Looks like a Bradford pear.


----------



## MichaelZ (May 21, 2013)

dizzy said:


> Looks like a Bradford pear.


No, sorry. That is not it.


----------



## Paumon (Jul 12, 2007)

MichaelZ said:


> What tree is this? It grows in N. WI, heavy wet soil. It has a greasy brownish leave, but otherwise looks like a poplar leave. It's bark is like poplar but darker and rougher, and its wood has much dark wood in its core so pulp mills usually refuse it. The wood is poor for firewood as it is very wet and once dry has little mass. It is a weak, fast growing tree that is also short lived. Now I can find the answer online, but for the first 10 years around here, no local could give me the accurate name that I could verify. One more hint: Despite its shortcomings, it is a tree of some value.


A quiz? Whether it's a quiz or a sincere request for ID I think you haven't provided enough information. Those leaves don't look greasy brownish to me. They look glossy lime green and they look to me like black cottonwood, which does fit the description you provided and is a member of the poplar family.

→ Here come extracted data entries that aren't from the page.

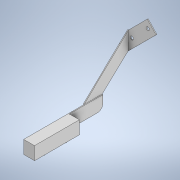
# Autodesk Inventor part: ventosas
Saved by Autodesk Inventor 2020 (Build 240168000, 168)
## iProperties
Created: 2022-11-11
Part Number: ventosas
Material: Genérico
Document SubType Name: Modeling
Designer: robin
Density: 1 g/cm^3
Appearance: Valor por defecto
Author: robin
Autodesk Inventor part; units mm, degrees
ref_plane "YZ Plane" through (0, 0, 0) normal (1, 0, 0) x (0, 1, 0)
ref_plane "XZ Plane" through (0, 0, 0) normal (0, 1, 0) x (-1, 0, 0)
ref_plane "XY Plane" through (0, 0, 0) normal (0, 0, 1) x (1, 0, 0)
sketch "Boceto1" plane through (0, 0, 0) normal (1, 0, 0) x (0, 1, 0)
  line L0 (0, 0) -> (-23.8, 0)
  line L1 (-23.8, 0) -> (-23.8, -81.8)
  line L2 (-23.8, -81.8) -> (0, -81.8)
  line L3 (0, -81.8) -> (0, 0)
  dimension "d0" = 23.8
  dimension "d1" = 81.8
  constraints: 8 end point, 2 parallel, 1 horizontal, 1 perpendicular
  measures "d0" distance of L2.end L1.end
  measures "d1" distance of L1.end L0.end
extrude "Extrusión1" add sketch "Boceto1" along normal blind 12.5
sketch "Boceto2" plane through (0, 0, 0) normal (-1, 0, 0) x (0, 0, 1)
  line L0 (0, 0) -> (-143, 0)
  line L1 (-143, 0) -> (-143, -13.8)
  line L2 (-133, -23.8) -> (0, -23.8)
  line L3 (0, -23.8) -> (0, 0)
  arc A0 (-143, -13.8) -> (-133, -23.8) centre (-133, -13.8) ccw
  point P0 (-143, -23.8)
  dimension "d4" = 143
  dimension "d5" = 10
  constraints: 8 end point, 2 parallel, 2 point on circle, 2 point on line, 2 tangent, 1 centre point, 1 horizontal, 1 perpendicular
  measures "d4" distance of L2.end point (-143, -23.8)
  measures "d5" radius of A0
extrude "Extrusión2" add sketch "Boceto2" along normal blind 1.55
sketch "Boceto3" plane through (-1.55, 0, 0) normal (-1, 0, 0) x (0, 0, 1)
  line L0 (-81.8, 0) -> (0, 0) projected
  line L1 (-143, 0) -> (-143, -13.8) projected
  line L2 (-143, 0) -> (-110.2, 0)
  line L3 (-81.8, 0) -> (-143, 0) projected
  line L4 (-143, 0) -> (-192.2511, 45.8653)
  arc A0 (-16.2, 0) -> (-135.0604, 90.653) centre (-110.2, 0) ccw
  line L5 (-176.372, 62.9165) -> (-110.2, 0)
  line L6 (-176.372, 62.9165) -> (-193.2664, 78.6495)
  line L7 (-192.2511, 45.8653) -> (-193.2664, 78.6495)
  dimension "d10" = 32.8
  dimension "d15" = 23.3
  dimension "d17" = 32.8
  constraints: 10 end point, 2 coincident, 2 point on circle, 2 point on line, 1 centre point
  measures "d10" distance of L1.start L2.end
  measures "d15" distance of L4.end L5.start
  measures "d17" distance of L6.end L4.end
extrude "Extrusión3" add sketch "Boceto3" along normal blind 1.55
sketch "Boceto6" plane through (-1.55, 45.8653, -192.2511) normal (0, -0.031, -0.9995) x (-1, 0, 0)
  circle A0 centre (1.55, 11.2988) radius 152.2645
  point P0 (-1.55, -51.7948)
  constraints: 1 centre point
extrude "Extrusión5" add sketch "Boceto6" against normal blind 1.55
sketch "Boceto7" plane through (-3.1, 57.2067, -191.0516) normal (0, 0.031, 0.9995) x (1, 0, 0)
  line L0 (1.55, -12.8346) -> (1.55, -58.6668) projected
  line L1 (1.55, -12.8346) -> (51.0475, 36.6629)
  line L2 (1.55, -12.8346) -> (71.55, -12.8346) construction
  line L3 (51.0475, 36.6629) -> (34.5719, 53.1385)
  line L4 (1.55, 5.2527) -> (1.55, 19.9654) projected
  line L5 (34.5719, 53.1385) -> (1.55, 19.9654)
  line L6 (1.55, 19.9654) -> (1.55, -12.8346)
  circle A0 centre (-14.9256, -12.8346) radius 218.7609
  point P0 (3.1, -63.0936)
  point P1 (1.55, 5.2527)
  dimension "d29" = 70
  dimension "d30" = 45
  dimension "d31" = 23.3
  constraints: 10 end point, 1 centre point, 1 equal length, 1 horizontal, 1 perpendicular
  measures "d29" distance of L0.start L1.end
  measures "d30" angle of L2 L1
  measures "d31" distance of L1.end L3.end
extrude "Extrusión6" cut sketch "Boceto7" against normal blind 1.55
sketch "Boceto8" plane through (-1.55, 44.3303, -192.2035) normal (0, -0.031, -0.9995) x (-0.7071, 0.7068, -0.0219)
  line L0 (0, 0) -> (0, 70) projected
  line L1 (0, 70) -> (23.3, 70) projected
  line L2 (24.2891, 22.0971) -> (1.096, -1.096) projected
  circle A0 centre (12.25, 20.808) radius 3
  circle A1 centre (12.25, 60.808) radius 3
  point P0 (-36.6345, -34.4425)
  dimension "d36" = 6
  dimension "d38" = 6
  constraints: 2 centre point
  measures "d36" diameter of A0
  measures "d38" diameter of A1
extrude "Extrusión7" cut sketch "Boceto8" against normal blind 1.55
sketch "Boceto11" plane through (12.5, 0, 0) normal (1, 0, 0) x (0, 0, -1)
  line L0 (0, -23.8) -> (0, 0) projected
  line L1 (133, -23.8) -> (81.8, -23.8) projected
  line L2 (0, 0) -> (81.8, 0)
  line L3 (81.8, 0) -> (81.8, -23.8)
  line L4 (81.8, -23.8) -> (0, -23.8)
  line L5 (0, -23.8) -> (0, 0)
  constraints: 8 end point, 2 parallel, 1 horizontal, 1 perpendicular
extrude "Extrusión9" add sketch "Boceto11" along normal blind 5.8
sketch "Boceto13" plane through (0, -23.8, -133) normal (0, -1, 0) x (1, 0, 0)
  line L0 (0, 51.2) -> (18.3, 51.2) projected
  circle A0 centre (9.15, 72.1) radius 6
  circle A1 centre (9.15, 112.1) radius 6
  point P0 (0, 133)
  dimension "d49" = 12
  dimension "d50" = 12
  constraints: 2 centre point
  measures "d49" diameter of A0
  measures "d50" diameter of A1
extrude "Extrusión10" add sketch "Boceto13" along normal blind 3.5

How big do the trees get? What color is the underside of the leaves? Are the undersides glossy or matte? How big in width and length are the mature leaves? What do the flowers/fruits/seed pods look like, and how big do they get? Do you have any better pictures that show the full tree and it's formation, a close up of the bark, flowers, seeds, etc.?


----------



## MichaelZ (May 21, 2013)

Paumon said:


> A quiz? Whether it's a quiz or a sincere request for ID I think you haven't provided enough information. Those leaves don't look greasy brownish to me. They look glossy lime green and they look to me like black cottonwood, which does fit the description you provided and is a member of the poplar family.
> 
> How big do the trees get? What color is the underside of the leaves? Are the undersides glossy or matte? How big in width and length are the mature leaves? What do the flowers/fruits/seed pods look like, and how big do they get? Do you have any better pictures that show the full tree and it's formation, a close up of the bark, flowers, seeds, etc.?


You are very close! The leaves on the trees by us are 2-3" wide and 2-4" long. The underside is light colored. Don't remember if glossy or matte. The trees will grow almost as high as poplars. Here is another big hint: the new leave buds are sticky with a strong essence. Another pic of the leave is below. Sorry I can not get any actual leaves but they are buried in ice and snow.


----------



## Paumon (Jul 12, 2007)

The new leaf buds on Black Cottonwood are also sticky and resinous. I harvest the fresh sticky buds every year to make Balm of Gilead healing ointment and for use in aromatherapy. The scent is heavenly, very sharp. Here because of our climate and so much water the trees grow very fast into giants that tower over other trees.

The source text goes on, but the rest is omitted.